=== What is being asked ===
Write the lines out again, from the top of the material to the line containing "Line((82.55, 57.15), (82.55, 69.965076011))", pictures excluded.

=== Listed records ===
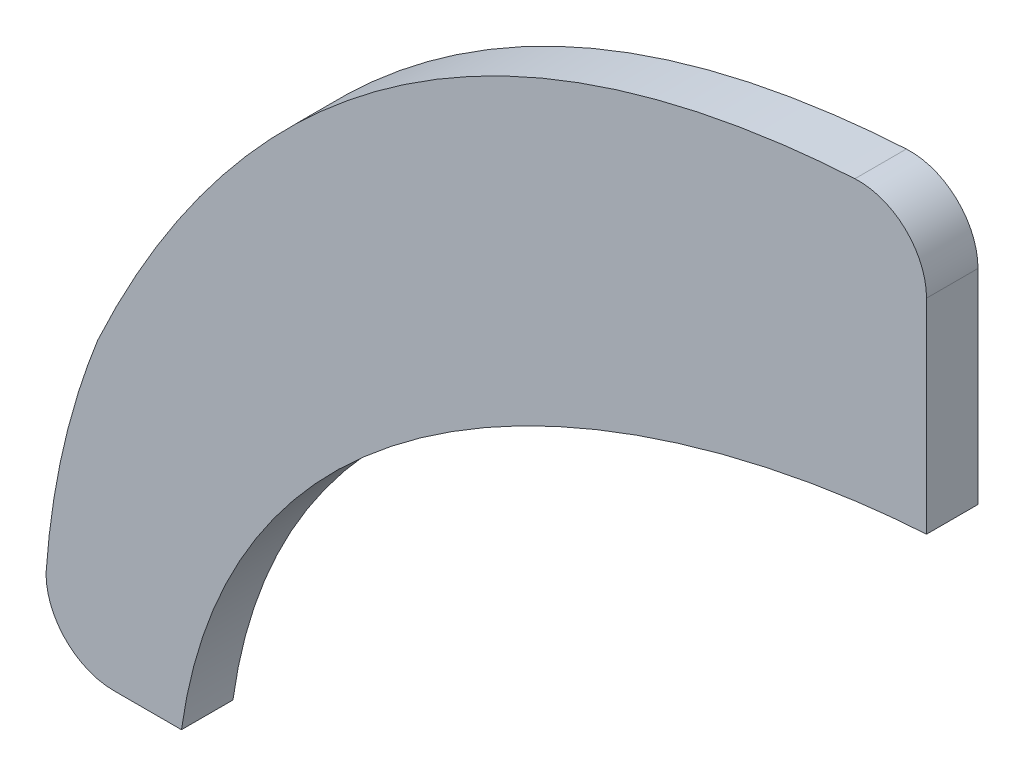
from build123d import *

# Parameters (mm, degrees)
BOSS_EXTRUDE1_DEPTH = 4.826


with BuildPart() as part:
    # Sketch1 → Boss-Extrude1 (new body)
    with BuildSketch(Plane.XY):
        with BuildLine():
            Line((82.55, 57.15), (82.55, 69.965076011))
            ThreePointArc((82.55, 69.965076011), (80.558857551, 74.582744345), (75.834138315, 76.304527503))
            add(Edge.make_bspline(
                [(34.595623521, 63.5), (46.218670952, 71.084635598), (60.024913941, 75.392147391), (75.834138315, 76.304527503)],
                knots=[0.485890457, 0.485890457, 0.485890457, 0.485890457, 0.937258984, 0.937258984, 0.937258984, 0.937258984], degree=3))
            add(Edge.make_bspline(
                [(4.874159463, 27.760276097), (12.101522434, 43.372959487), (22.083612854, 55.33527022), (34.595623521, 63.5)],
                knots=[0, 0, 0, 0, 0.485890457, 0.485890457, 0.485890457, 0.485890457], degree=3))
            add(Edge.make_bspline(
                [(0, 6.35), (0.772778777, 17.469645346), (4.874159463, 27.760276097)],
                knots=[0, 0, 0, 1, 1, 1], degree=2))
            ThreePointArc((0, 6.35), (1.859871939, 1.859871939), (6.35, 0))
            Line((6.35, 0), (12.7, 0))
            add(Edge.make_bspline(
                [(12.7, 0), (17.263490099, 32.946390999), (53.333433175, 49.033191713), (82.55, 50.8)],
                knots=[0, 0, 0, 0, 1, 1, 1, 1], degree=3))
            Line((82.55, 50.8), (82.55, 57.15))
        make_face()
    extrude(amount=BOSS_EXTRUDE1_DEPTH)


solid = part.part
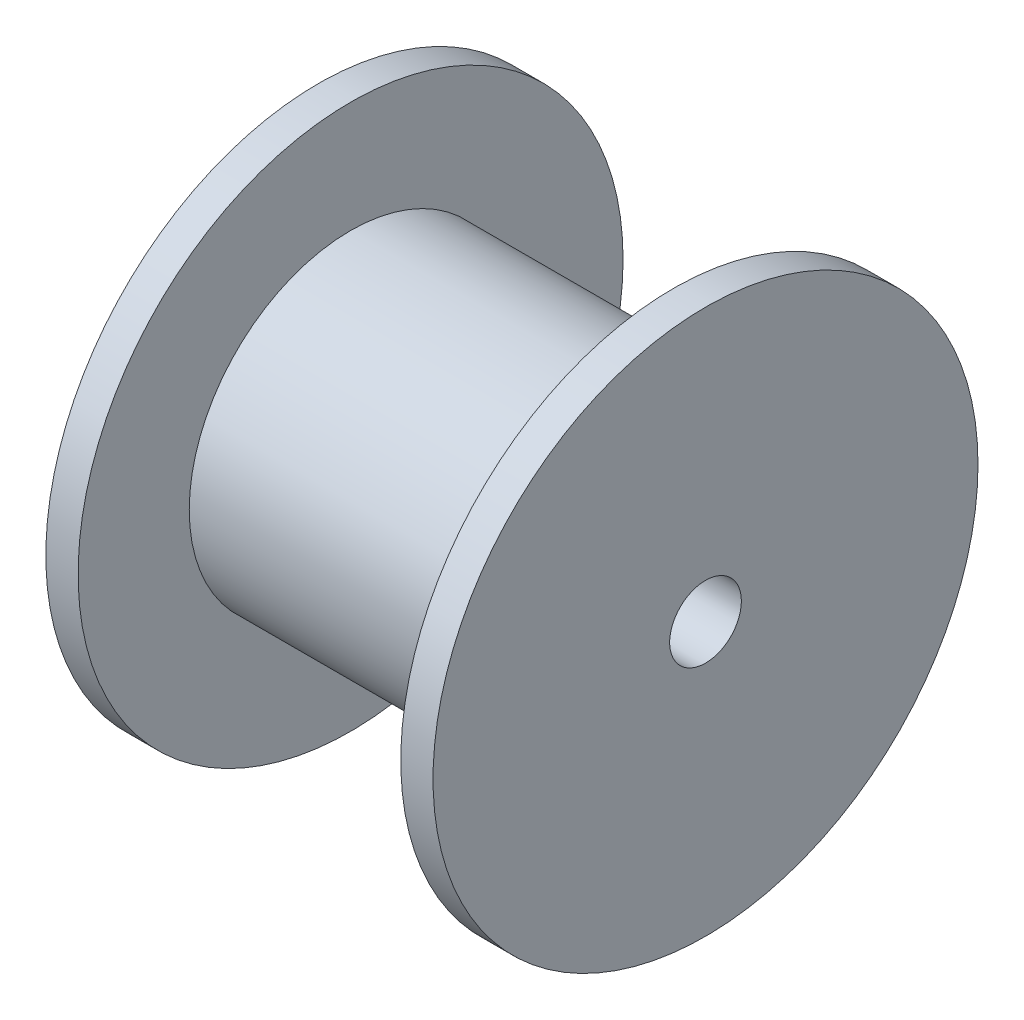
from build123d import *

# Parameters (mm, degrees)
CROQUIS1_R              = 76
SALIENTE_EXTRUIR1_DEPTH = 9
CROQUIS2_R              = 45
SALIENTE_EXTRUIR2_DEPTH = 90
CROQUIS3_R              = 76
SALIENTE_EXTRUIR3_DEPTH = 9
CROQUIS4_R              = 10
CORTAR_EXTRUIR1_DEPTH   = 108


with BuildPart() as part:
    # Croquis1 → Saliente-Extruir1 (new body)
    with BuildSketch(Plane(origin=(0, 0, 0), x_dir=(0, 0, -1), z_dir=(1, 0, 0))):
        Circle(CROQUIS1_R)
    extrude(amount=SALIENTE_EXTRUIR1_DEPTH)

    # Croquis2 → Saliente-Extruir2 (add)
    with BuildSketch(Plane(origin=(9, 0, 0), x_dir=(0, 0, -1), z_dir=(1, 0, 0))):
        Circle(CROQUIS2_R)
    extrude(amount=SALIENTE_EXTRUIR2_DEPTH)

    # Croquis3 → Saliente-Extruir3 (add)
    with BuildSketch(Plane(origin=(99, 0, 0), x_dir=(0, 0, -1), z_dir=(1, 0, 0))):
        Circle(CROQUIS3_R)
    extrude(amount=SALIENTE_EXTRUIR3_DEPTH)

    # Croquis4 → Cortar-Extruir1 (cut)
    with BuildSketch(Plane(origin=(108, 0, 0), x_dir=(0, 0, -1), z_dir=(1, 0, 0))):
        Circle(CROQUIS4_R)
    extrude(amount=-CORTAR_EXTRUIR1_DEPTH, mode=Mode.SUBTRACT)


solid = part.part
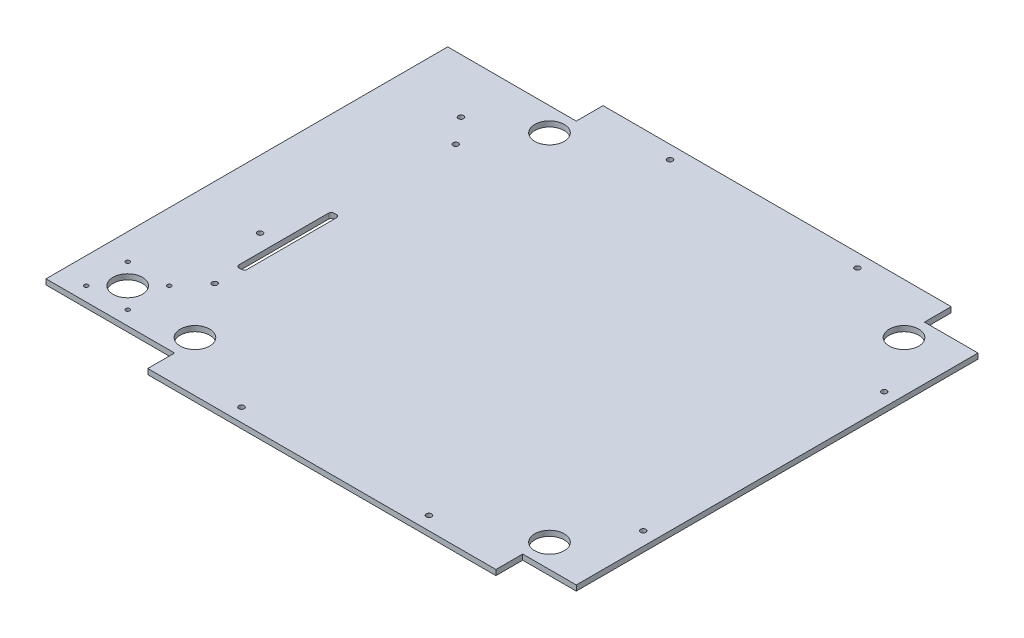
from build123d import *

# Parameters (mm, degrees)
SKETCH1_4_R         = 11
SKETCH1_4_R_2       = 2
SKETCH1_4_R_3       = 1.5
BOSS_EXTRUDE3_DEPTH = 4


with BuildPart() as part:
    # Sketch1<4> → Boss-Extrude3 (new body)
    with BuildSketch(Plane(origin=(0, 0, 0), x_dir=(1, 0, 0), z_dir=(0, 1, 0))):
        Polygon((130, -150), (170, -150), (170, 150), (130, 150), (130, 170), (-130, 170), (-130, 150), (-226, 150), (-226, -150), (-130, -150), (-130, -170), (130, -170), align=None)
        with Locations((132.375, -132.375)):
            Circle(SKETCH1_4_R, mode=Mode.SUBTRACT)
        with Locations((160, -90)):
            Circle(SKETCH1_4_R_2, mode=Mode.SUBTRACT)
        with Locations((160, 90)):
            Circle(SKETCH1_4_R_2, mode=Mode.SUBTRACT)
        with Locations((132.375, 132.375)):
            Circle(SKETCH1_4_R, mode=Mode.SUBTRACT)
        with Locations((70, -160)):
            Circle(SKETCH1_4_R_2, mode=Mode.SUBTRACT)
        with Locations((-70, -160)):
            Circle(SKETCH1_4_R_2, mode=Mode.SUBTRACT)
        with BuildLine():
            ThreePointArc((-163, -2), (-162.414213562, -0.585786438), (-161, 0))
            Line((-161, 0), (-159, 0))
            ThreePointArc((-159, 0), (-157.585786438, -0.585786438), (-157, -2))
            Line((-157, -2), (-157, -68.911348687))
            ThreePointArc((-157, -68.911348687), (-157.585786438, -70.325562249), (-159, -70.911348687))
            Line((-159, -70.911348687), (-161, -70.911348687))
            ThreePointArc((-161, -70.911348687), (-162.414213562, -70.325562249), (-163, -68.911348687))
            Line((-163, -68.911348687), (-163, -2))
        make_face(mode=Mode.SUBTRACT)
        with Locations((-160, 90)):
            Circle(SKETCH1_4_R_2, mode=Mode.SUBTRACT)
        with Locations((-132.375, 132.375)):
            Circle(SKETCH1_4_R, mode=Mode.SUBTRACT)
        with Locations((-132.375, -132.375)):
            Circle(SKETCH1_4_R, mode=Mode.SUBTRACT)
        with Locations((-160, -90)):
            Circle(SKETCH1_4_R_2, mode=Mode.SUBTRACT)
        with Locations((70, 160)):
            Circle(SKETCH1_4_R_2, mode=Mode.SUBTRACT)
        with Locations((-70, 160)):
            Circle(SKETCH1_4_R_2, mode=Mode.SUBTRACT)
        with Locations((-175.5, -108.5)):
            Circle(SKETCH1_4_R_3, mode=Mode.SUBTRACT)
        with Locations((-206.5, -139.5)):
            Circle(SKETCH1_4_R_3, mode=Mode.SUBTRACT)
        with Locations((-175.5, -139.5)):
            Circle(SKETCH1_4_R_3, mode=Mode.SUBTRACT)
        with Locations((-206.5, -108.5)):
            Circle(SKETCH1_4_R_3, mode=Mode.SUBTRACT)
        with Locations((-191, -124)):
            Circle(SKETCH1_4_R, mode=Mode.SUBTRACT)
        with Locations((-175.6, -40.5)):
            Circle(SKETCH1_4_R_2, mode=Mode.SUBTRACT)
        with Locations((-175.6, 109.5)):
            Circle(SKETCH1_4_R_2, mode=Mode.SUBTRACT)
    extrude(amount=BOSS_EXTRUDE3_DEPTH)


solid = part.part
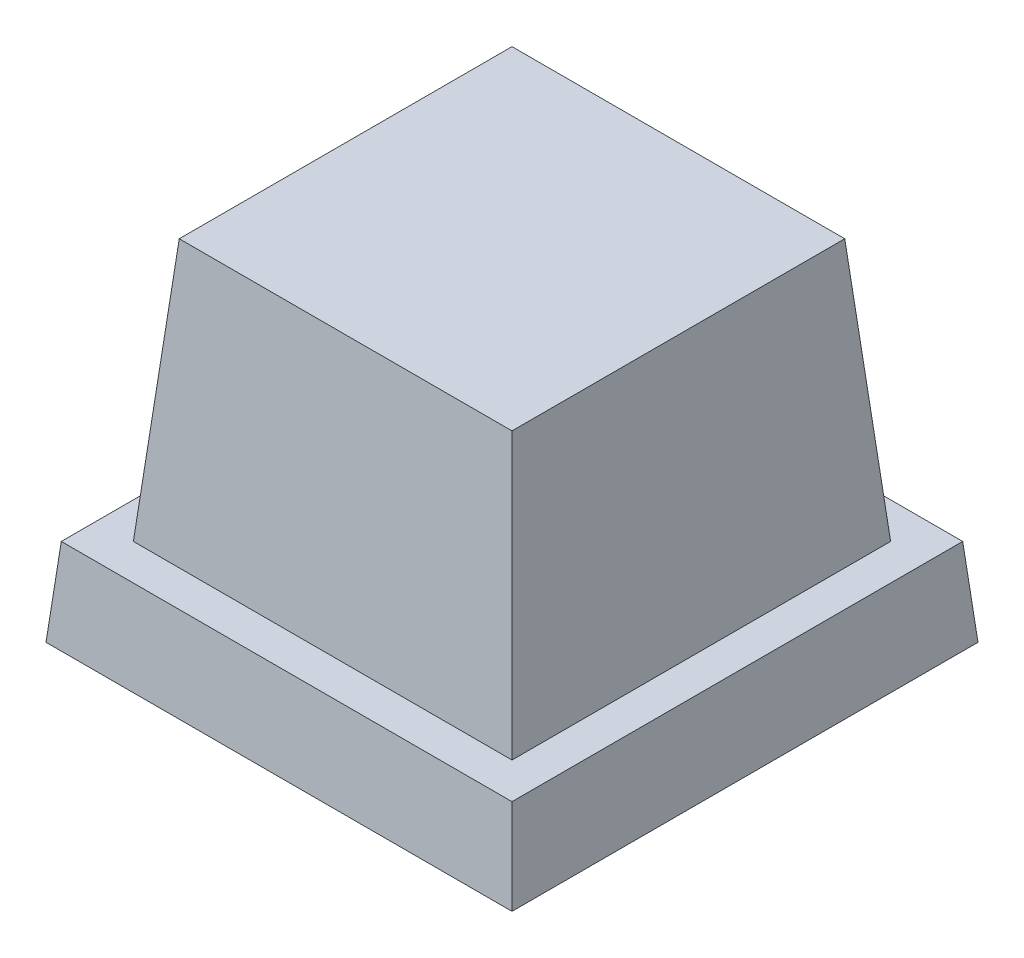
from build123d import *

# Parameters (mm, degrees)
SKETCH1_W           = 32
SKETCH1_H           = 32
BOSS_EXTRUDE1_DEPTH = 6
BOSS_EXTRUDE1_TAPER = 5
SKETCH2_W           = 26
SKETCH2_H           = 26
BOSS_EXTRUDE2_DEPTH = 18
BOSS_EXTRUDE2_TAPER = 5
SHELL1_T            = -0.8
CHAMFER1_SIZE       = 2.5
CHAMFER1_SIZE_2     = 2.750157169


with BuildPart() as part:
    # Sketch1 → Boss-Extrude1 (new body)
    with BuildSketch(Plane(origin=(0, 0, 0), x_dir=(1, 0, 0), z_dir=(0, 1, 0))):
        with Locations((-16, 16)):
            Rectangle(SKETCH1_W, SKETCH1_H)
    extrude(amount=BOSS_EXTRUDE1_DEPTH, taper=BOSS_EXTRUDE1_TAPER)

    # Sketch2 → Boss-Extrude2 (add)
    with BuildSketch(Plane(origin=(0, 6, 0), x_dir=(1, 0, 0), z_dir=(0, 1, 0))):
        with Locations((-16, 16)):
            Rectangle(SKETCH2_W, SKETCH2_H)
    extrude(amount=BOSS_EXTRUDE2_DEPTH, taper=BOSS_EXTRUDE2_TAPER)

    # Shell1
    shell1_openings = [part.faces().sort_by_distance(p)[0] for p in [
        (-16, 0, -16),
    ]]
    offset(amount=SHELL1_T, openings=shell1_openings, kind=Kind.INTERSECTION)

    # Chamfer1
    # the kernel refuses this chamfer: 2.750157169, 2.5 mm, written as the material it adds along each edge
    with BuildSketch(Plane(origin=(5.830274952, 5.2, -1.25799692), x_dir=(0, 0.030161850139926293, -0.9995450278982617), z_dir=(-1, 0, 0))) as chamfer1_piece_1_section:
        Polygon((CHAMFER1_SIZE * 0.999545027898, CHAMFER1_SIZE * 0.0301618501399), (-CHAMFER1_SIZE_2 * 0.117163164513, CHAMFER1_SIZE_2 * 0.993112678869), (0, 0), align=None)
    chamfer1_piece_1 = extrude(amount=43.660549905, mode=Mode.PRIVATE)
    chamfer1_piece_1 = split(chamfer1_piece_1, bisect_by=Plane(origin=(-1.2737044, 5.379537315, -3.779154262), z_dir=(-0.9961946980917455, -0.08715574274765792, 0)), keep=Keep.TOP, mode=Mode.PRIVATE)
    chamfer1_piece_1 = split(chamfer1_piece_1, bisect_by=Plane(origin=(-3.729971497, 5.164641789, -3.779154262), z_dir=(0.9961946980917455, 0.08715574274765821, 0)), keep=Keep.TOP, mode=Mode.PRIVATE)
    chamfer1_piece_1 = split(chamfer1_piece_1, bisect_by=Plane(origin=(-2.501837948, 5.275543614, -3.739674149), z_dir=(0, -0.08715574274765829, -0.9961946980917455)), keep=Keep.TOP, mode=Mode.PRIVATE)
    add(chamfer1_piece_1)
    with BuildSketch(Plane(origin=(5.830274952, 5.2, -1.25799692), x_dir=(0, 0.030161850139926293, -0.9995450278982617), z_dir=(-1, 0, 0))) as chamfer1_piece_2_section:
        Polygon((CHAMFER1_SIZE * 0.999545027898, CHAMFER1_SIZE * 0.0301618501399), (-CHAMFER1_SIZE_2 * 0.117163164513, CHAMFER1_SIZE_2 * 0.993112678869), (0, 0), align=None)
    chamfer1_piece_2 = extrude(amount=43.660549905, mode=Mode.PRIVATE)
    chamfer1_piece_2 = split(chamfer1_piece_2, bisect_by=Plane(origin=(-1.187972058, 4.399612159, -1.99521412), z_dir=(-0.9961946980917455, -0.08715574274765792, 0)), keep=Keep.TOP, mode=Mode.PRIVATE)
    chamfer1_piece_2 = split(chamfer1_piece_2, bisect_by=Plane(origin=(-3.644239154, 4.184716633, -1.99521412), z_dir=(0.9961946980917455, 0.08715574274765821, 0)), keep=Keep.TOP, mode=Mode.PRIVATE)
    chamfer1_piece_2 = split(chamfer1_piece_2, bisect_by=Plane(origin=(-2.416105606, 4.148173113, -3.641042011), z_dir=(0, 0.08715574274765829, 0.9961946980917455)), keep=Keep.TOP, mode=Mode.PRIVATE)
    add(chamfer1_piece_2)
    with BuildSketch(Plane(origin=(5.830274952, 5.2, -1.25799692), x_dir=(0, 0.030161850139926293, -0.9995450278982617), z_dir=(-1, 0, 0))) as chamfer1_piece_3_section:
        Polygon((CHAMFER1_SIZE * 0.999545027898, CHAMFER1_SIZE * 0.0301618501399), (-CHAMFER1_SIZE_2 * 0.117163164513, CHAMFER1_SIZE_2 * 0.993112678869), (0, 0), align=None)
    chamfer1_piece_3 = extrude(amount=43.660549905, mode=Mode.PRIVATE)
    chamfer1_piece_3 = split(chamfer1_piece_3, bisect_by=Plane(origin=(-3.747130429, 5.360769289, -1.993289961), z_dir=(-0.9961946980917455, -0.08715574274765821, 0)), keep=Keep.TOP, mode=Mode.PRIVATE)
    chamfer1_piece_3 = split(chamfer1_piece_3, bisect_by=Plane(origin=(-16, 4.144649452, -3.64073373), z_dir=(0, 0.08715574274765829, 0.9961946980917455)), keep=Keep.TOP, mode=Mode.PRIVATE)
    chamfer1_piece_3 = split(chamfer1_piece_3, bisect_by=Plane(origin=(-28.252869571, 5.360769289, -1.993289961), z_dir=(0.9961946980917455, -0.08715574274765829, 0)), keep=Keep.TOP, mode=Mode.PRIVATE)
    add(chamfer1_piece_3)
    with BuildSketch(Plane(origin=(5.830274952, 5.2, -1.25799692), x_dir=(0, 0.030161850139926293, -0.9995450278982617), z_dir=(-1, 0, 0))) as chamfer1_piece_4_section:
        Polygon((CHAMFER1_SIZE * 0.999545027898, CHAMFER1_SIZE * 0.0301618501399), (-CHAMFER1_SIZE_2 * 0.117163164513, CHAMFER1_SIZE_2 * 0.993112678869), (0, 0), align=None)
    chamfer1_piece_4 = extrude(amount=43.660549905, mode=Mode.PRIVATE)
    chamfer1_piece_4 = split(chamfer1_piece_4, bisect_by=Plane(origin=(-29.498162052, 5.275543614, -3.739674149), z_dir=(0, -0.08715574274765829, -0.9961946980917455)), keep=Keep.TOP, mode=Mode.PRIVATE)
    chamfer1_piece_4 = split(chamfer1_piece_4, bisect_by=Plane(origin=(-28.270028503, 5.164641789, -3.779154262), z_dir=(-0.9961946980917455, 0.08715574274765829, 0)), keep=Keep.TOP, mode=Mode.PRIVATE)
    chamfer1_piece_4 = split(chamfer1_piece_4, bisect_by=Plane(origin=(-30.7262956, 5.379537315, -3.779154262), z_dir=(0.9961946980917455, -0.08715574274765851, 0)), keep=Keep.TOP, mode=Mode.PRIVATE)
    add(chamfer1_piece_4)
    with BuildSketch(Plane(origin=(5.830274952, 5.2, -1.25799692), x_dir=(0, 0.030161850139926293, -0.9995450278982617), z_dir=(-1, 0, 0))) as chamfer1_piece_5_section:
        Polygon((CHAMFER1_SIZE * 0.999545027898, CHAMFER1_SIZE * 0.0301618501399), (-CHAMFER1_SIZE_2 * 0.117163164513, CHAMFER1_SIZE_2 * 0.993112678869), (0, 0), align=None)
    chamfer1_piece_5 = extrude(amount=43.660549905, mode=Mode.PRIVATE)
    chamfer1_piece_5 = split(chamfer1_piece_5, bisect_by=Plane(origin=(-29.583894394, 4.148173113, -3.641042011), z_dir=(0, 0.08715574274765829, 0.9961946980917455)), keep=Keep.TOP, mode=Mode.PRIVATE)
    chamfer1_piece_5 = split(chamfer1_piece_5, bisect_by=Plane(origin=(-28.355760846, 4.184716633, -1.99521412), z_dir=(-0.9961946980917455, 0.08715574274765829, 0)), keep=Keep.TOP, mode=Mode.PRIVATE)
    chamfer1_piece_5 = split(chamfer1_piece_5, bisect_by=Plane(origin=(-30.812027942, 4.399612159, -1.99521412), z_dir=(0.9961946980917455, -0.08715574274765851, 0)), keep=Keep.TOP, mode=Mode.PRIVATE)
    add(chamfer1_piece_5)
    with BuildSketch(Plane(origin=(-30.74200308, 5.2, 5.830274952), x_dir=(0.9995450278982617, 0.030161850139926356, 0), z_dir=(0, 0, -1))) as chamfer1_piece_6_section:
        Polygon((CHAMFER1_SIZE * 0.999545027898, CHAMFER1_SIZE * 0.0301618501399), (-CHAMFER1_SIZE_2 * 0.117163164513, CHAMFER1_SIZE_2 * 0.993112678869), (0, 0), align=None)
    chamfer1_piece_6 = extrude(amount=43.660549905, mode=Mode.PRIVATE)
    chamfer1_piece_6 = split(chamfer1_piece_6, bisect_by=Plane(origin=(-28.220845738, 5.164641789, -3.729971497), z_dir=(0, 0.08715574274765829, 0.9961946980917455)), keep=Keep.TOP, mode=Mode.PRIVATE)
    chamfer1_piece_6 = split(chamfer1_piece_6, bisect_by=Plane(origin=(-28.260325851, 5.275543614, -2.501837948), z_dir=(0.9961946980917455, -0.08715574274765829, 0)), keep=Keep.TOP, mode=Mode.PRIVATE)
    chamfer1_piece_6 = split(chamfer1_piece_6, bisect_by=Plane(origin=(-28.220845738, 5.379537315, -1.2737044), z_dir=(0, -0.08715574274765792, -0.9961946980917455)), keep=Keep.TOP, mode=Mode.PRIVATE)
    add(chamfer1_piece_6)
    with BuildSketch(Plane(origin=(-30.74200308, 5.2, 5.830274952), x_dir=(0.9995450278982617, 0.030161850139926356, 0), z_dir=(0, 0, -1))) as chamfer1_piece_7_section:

=== Solution to this task ===
from build123d import *

# Parameters (mm, degrees)
BOSS_EXTRUDE1_DEPTH = 4.826


with BuildPart() as part:
    # Sketch1 → Boss-Extrude1 (new body)
    with BuildSketch(Plane.XY):
        with BuildLine():
            Line((82.55, 57.15), (82.55, 69.965076011))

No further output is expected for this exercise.